Records excerpted from a collection
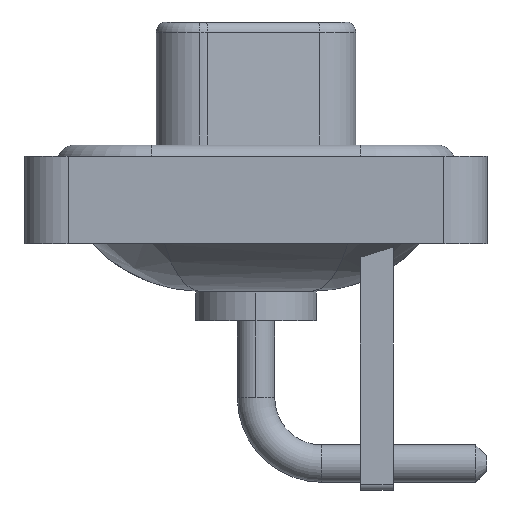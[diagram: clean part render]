
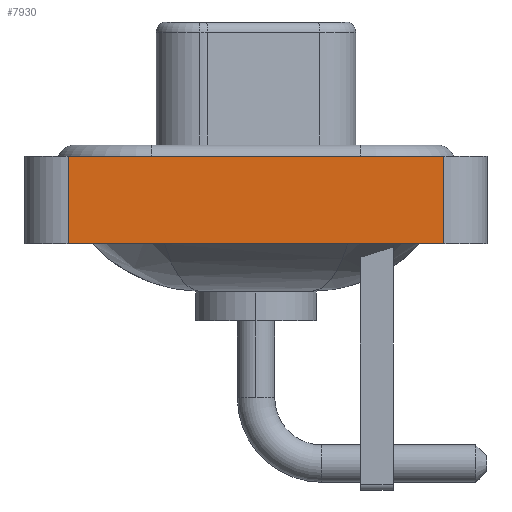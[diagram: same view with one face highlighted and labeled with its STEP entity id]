
A CAD part, left-side view. The second image highlights one B-rep face of the part: STEP entity #7930.
In plain terms, the highlighted planar face has unit normal (-1, 0, 0).
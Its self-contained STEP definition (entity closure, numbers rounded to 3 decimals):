
#18 = VECTOR ( 'NONE', #2204, 1000. ) ;
#601 = VERTEX_POINT ( 'NONE', #11691 ) ;
#676 = EDGE_LOOP ( 'NONE', ( #14547, #17299, #12845, #9638 ) ) ;
#2204 = DIRECTION ( 'NONE',  ( 0., 0., 1. ) ) ;
#3322 = EDGE_CURVE ( 'NONE', #601, #10957, #3948, .T. ) ;
#3948 = LINE ( 'NONE', #15383, #8916 ) ;
#4859 = DIRECTION ( 'NONE',  ( 0., 0., 1. ) ) ;
#5133 = VECTOR ( 'NONE', #10655, 1000. ) ;
#5810 = FACE_OUTER_BOUND ( 'NONE', #676, .T. ) ;
#6823 = VERTEX_POINT ( 'NONE', #16891 ) ;
#7369 = LINE ( 'NONE', #13070, #5133 ) ;
#7861 = LINE ( 'NONE', #10717, #10843 ) ;
#7930 = ADVANCED_FACE ( 'NONE', ( #5810 ), #9029, .T. ) ;
#8916 = VECTOR ( 'NONE', #13891, 1000. ) ;
#9029 = PLANE ( 'NONE',  #17944 ) ;
#9638 = ORIENTED_EDGE ( 'NONE', *, *, #12453, .T. ) ;
#10012 = VERTEX_POINT ( 'NONE', #16955 ) ;
#10170 = CARTESIAN_POINT ( 'NONE',  ( -7.25, -8.55, -3.6 ) ) ;
#10655 = DIRECTION ( 'NONE',  ( 0., -1., 0. ) ) ;
#10717 = CARTESIAN_POINT ( 'NONE',  ( -7.25, 8.55, -3.6 ) ) ;
#10843 = VECTOR ( 'NONE', #4859, 1000. ) ;
#10957 = VERTEX_POINT ( 'NONE', #15759 ) ;
#11691 = CARTESIAN_POINT ( 'NONE',  ( -7.25, 8.55, 0.4 ) ) ;
#11948 = CARTESIAN_POINT ( 'NONE',  ( -7.25, -8.55, -3.6 ) ) ;
#12098 = EDGE_CURVE ( 'NONE', #10012, #10957, #16558, .T. ) ;
#12453 = EDGE_CURVE ( 'NONE', #6823, #10012, #7369, .T. ) ;
#12845 = ORIENTED_EDGE ( 'NONE', *, *, #14840, .F. ) ;
#13070 = CARTESIAN_POINT ( 'NONE',  ( -7.25, -8.55, -3.6 ) ) ;
#13891 = DIRECTION ( 'NONE',  ( 0., -1., 0. ) ) ;
#14547 = ORIENTED_EDGE ( 'NONE', *, *, #12098, .T. ) ;
#14840 = EDGE_CURVE ( 'NONE', #6823, #601, #7861, .T. ) ;
#15383 = CARTESIAN_POINT ( 'NONE',  ( -7.25, -8.55, 0.4 ) ) ;
#15759 = CARTESIAN_POINT ( 'NONE',  ( -7.25, -8.55, 0.4 ) ) ;
#15938 = DIRECTION ( 'NONE',  ( -1., 0., 0. ) ) ;
#16110 = DIRECTION ( 'NONE',  ( 0., 0., 1. ) ) ;
#16558 = LINE ( 'NONE', #11948, #18 ) ;
#16891 = CARTESIAN_POINT ( 'NONE',  ( -7.25, 8.55, -3.6 ) ) ;
#16955 = CARTESIAN_POINT ( 'NONE',  ( -7.25, -8.55, -3.6 ) ) ;
#17299 = ORIENTED_EDGE ( 'NONE', *, *, #3322, .F. ) ;
#17944 = AXIS2_PLACEMENT_3D ( 'NONE', #10170, #15938, #16110 ) ;
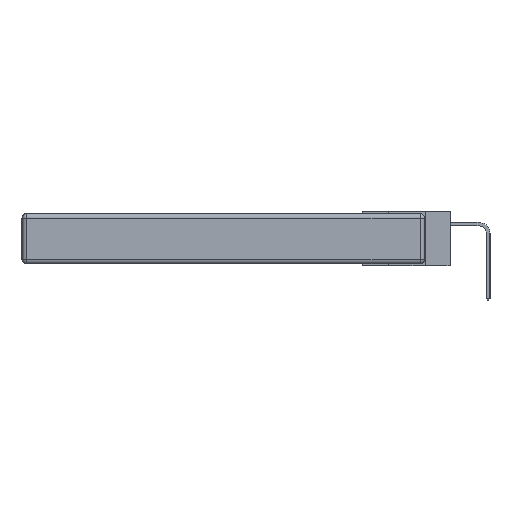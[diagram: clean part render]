
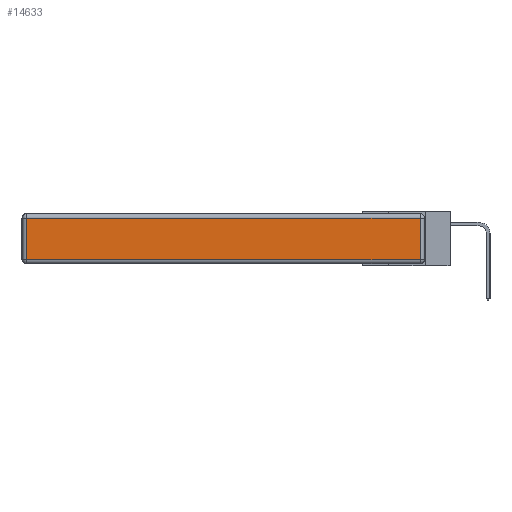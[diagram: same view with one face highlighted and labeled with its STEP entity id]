
A CAD part, left-side view. The second image highlights one B-rep face of the part: STEP entity #14633.
In plain terms, the highlighted planar face has unit normal (-1, 0, 0).
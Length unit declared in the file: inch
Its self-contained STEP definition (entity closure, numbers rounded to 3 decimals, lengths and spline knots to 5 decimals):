
#214 = VERTEX_POINT ( 'NONE', #12828 ) ;
#379 = VERTEX_POINT ( 'NONE', #14733 ) ;
#755 = CARTESIAN_POINT ( 'NONE',  ( 0., 0., -0.313 ) ) ;
#1602 = DIRECTION ( 'NONE',  ( 0., 0., 1. ) ) ;
#2339 = EDGE_CURVE ( 'NONE', #214, #11328, #6096, .T. ) ;
#2449 = ORIENTED_EDGE ( 'NONE', *, *, #2339, .T. ) ;
#4370 = ORIENTED_EDGE ( 'NONE', *, *, #13561, .T. ) ;
#4635 = CARTESIAN_POINT ( 'NONE',  ( 0., 2.75, -0.03 ) ) ;
#6096 = LINE ( 'NONE', #17140, #16647 ) ;
#6126 = DIRECTION ( 'NONE',  ( 0., 0., -1. ) ) ;
#6571 = EDGE_CURVE ( 'NONE', #11328, #15011, #13631, .T. ) ;
#7187 = LINE ( 'NONE', #755, #8609 ) ;
#8020 = LINE ( 'NONE', #10460, #13421 ) ;
#8609 = VECTOR ( 'NONE', #14174, 39.37008 ) ;
#8952 = PLANE ( 'NONE',  #14220 ) ;
#9054 = CARTESIAN_POINT ( 'NONE',  ( 0., 0.03, -0.03 ) ) ;
#9295 = FACE_OUTER_BOUND ( 'NONE', #10031, .T. ) ;
#9545 = DIRECTION ( 'NONE',  ( 0., 0., 1. ) ) ;
#10031 = EDGE_LOOP ( 'NONE', ( #4370, #2449, #17600, #19338 ) ) ;
#10460 = CARTESIAN_POINT ( 'NONE',  ( 0., 2.72, -0.343 ) ) ;
#11328 = VERTEX_POINT ( 'NONE', #9054 ) ;
#12049 = DIRECTION ( 'NONE',  ( -1., 0., 0. ) ) ;
#12061 = DIRECTION ( 'NONE',  ( 0., 1., 0. ) ) ;
#12828 = CARTESIAN_POINT ( 'NONE',  ( 0., 0.03, -0.313 ) ) ;
#13421 = VECTOR ( 'NONE', #6126, 39.37008 ) ;
#13492 = CARTESIAN_POINT ( 'NONE',  ( 0., 0., -0.343 ) ) ;
#13561 = EDGE_CURVE ( 'NONE', #379, #214, #7187, .T. ) ;
#13631 = LINE ( 'NONE', #4635, #16951 ) ;
#14174 = DIRECTION ( 'NONE',  ( 0., -1., 0. ) ) ;
#14220 = AXIS2_PLACEMENT_3D ( 'NONE', #13492, #12049, #1602 ) ;
#14633 = ADVANCED_FACE ( 'NONE', ( #9295 ), #8952, .T. ) ;
#14733 = CARTESIAN_POINT ( 'NONE',  ( 0., 2.72, -0.313 ) ) ;
#15011 = VERTEX_POINT ( 'NONE', #18201 ) ;
#16647 = VECTOR ( 'NONE', #9545, 39.37008 ) ;
#16951 = VECTOR ( 'NONE', #12061, 39.37008 ) ;
#17140 = CARTESIAN_POINT ( 'NONE',  ( 0., 0.03, -0.343 ) ) ;
#17600 = ORIENTED_EDGE ( 'NONE', *, *, #6571, .T. ) ;
#18201 = CARTESIAN_POINT ( 'NONE',  ( 0., 2.72, -0.03 ) ) ;
#19152 = EDGE_CURVE ( 'NONE', #15011, #379, #8020, .T. ) ;
#19338 = ORIENTED_EDGE ( 'NONE', *, *, #19152, .T. ) ;

ACTION ITEM —
The records above are to be restated exactly, without their pictures.

RESULT BELOW —
[diagram: clean part render]
[diagram: same view with one face highlighted and labeled with its STEP entity id]
A CAD part, left-side view. The second image highlights one B-rep face of the part: STEP entity #7930.
In plain terms, the highlighted planar face has unit normal (-1, 0, 0).
Its self-contained STEP definition (entity closure, numbers rounded to 3 decimals):
#18 = VECTOR ( 'NONE', #2204, 1000. ) ;
#601 = VERTEX_POINT ( 'NONE', #11691 ) ;
#676 = EDGE_LOOP ( 'NONE', ( #14547, #17299, #12845, #9638 ) ) ;
#2204 = DIRECTION ( 'NONE',  ( 0., 0., 1. ) ) ;
#3322 = EDGE_CURVE ( 'NONE', #601, #10957, #3948, .T. ) ;
#3948 = LINE ( 'NONE', #15383, #8916 ) ;
#4859 = DIRECTION ( 'NONE',  ( 0., 0., 1. ) ) ;
#5133 = VECTOR ( 'NONE', #10655, 1000. ) ;
#5810 = FACE_OUTER_BOUND ( 'NONE', #676, .T. ) ;
#6823 = VERTEX_POINT ( 'NONE', #16891 ) ;
#7369 = LINE ( 'NONE', #13070, #5133 ) ;
#7861 = LINE ( 'NONE', #10717, #10843 ) ;
#7930 = ADVANCED_FACE ( 'NONE', ( #5810 ), #9029, .T. ) ;
#8916 = VECTOR ( 'NONE', #13891, 1000. ) ;
#9029 = PLANE ( 'NONE',  #17944 ) ;
#9638 = ORIENTED_EDGE ( 'NONE', *, *, #12453, .T. ) ;
#10012 = VERTEX_POINT ( 'NONE', #16955 ) ;
#10170 = CARTESIAN_POINT ( 'NONE',  ( -7.25, -8.55, -3.6 ) ) ;
#10655 = DIRECTION ( 'NONE',  ( 0., -1., 0. ) ) ;
#10717 = CARTESIAN_POINT ( 'NONE',  ( -7.25, 8.55, -3.6 ) ) ;
#10843 = VECTOR ( 'NONE', #4859, 1000. ) ;
#10957 = VERTEX_POINT ( 'NONE', #15759 ) ;
#11691 = CARTESIAN_POINT ( 'NONE',  ( -7.25, 8.55, 0.4 ) ) ;
#11948 = CARTESIAN_POINT ( 'NONE',  ( -7.25, -8.55, -3.6 ) ) ;
#12098 = EDGE_CURVE ( 'NONE', #10012, #10957, #16558, .T. ) ;
#12453 = EDGE_CURVE ( 'NONE', #6823, #10012, #7369, .T. ) ;
#12845 = ORIENTED_EDGE ( 'NONE', *, *, #14840, .F. ) ;
#13070 = CARTESIAN_POINT ( 'NONE',  ( -7.25, -8.55, -3.6 ) ) ;
#13891 = DIRECTION ( 'NONE',  ( 0., -1., 0. ) ) ;
#14547 = ORIENTED_EDGE ( 'NONE', *, *, #12098, .T. ) ;
#14840 = EDGE_CURVE ( 'NONE', #6823, #601, #7861, .T. ) ;
#15383 = CARTESIAN_POINT ( 'NONE',  ( -7.25, -8.55, 0.4 ) ) ;
#15759 = CARTESIAN_POINT ( 'NONE',  ( -7.25, -8.55, 0.4 ) ) ;
#15938 = DIRECTION ( 'NONE',  ( -1., 0., 0. ) ) ;
#16110 = DIRECTION ( 'NONE',  ( 0., 0., 1. ) ) ;
#16558 = LINE ( 'NONE', #11948, #18 ) ;
#16891 = CARTESIAN_POINT ( 'NONE',  ( -7.25, 8.55, -3.6 ) ) ;
#16955 = CARTESIAN_POINT ( 'NONE',  ( -7.25, -8.55, -3.6 ) ) ;
#17299 = ORIENTED_EDGE ( 'NONE', *, *, #3322, .F. ) ;
#17944 = AXIS2_PLACEMENT_3D ( 'NONE', #10170, #15938, #16110 ) ;
[diagram: clean part render]
[diagram: same view with one face highlighted and labeled with its STEP entity id]
A CAD part, left-side view. The second image highlights one B-rep face of the part: STEP entity #14633.
In plain terms, the highlighted planar face has unit normal (-1, 0, 0).
Length unit declared in the file: inch
Its self-contained STEP definition (entity closure, numbers rounded to 3 decimals, lengths and spline knots to 5 decimals):
#214 = VERTEX_POINT ( 'NONE', #12828 ) ;
#379 = VERTEX_POINT ( 'NONE', #14733 ) ;
#755 = CARTESIAN_POINT ( 'NONE',  ( 0., 0., -0.313 ) ) ;
#1602 = DIRECTION ( 'NONE',  ( 0., 0., 1. ) ) ;
#2339 = EDGE_CURVE ( 'NONE', #214, #11328, #6096, .T. ) ;
#2449 = ORIENTED_EDGE ( 'NONE', *, *, #2339, .T. ) ;
#4370 = ORIENTED_EDGE ( 'NONE', *, *, #13561, .T. ) ;
#4635 = CARTESIAN_POINT ( 'NONE',  ( 0., 2.75, -0.03 ) ) ;
#6096 = LINE ( 'NONE', #17140, #16647 ) ;
#6126 = DIRECTION ( 'NONE',  ( 0., 0., -1. ) ) ;
#6571 = EDGE_CURVE ( 'NONE', #11328, #15011, #13631, .T. ) ;
#7187 = LINE ( 'NONE', #755, #8609 ) ;
#8020 = LINE ( 'NONE', #10460, #13421 ) ;
#8609 = VECTOR ( 'NONE', #14174, 39.37008 ) ;
#8952 = PLANE ( 'NONE',  #14220 ) ;
#9054 = CARTESIAN_POINT ( 'NONE',  ( 0., 0.03, -0.03 ) ) ;
#9295 = FACE_OUTER_BOUND ( 'NONE', #10031, .T. ) ;
#9545 = DIRECTION ( 'NONE',  ( 0., 0., 1. ) ) ;
#10031 = EDGE_LOOP ( 'NONE', ( #4370, #2449, #17600, #19338 ) ) ;
#10460 = CARTESIAN_POINT ( 'NONE',  ( 0., 2.72, -0.343 ) ) ;
#11328 = VERTEX_POINT ( 'NONE', #9054 ) ;
#12049 = DIRECTION ( 'NONE',  ( -1., 0., 0. ) ) ;
#12061 = DIRECTION ( 'NONE',  ( 0., 1., 0. ) ) ;
#12828 = CARTESIAN_POINT ( 'NONE',  ( 0., 0.03, -0.313 ) ) ;
#13421 = VECTOR ( 'NONE', #6126, 39.37008 ) ;
#13492 = CARTESIAN_POINT ( 'NONE',  ( 0., 0., -0.343 ) ) ;
#13561 = EDGE_CURVE ( 'NONE', #379, #214, #7187, .T. ) ;
#13631 = LINE ( 'NONE', #4635, #16951 ) ;
#14174 = DIRECTION ( 'NONE',  ( 0., -1., 0. ) ) ;
#14220 = AXIS2_PLACEMENT_3D ( 'NONE', #13492, #12049, #1602 ) ;
#14633 = ADVANCED_FACE ( 'NONE', ( #9295 ), #8952, .T. ) ;
#14733 = CARTESIAN_POINT ( 'NONE',  ( 0., 2.72, -0.313 ) ) ;
#15011 = VERTEX_POINT ( 'NONE', #18201 ) ;
#16647 = VECTOR ( 'NONE', #9545, 39.37008 ) ;
#16951 = VECTOR ( 'NONE', #12061, 39.37008 ) ;
#17140 = CARTESIAN_POINT ( 'NONE',  ( 0., 0.03, -0.343 ) ) ;
#17600 = ORIENTED_EDGE ( 'NONE', *, *, #6571, .T. ) ;
#18201 = CARTESIAN_POINT ( 'NONE',  ( 0., 2.72, -0.03 ) ) ;
#19152 = EDGE_CURVE ( 'NONE', #15011, #379, #8020, .T. ) ;
#19338 = ORIENTED_EDGE ( 'NONE', *, *, #19152, .T. ) ;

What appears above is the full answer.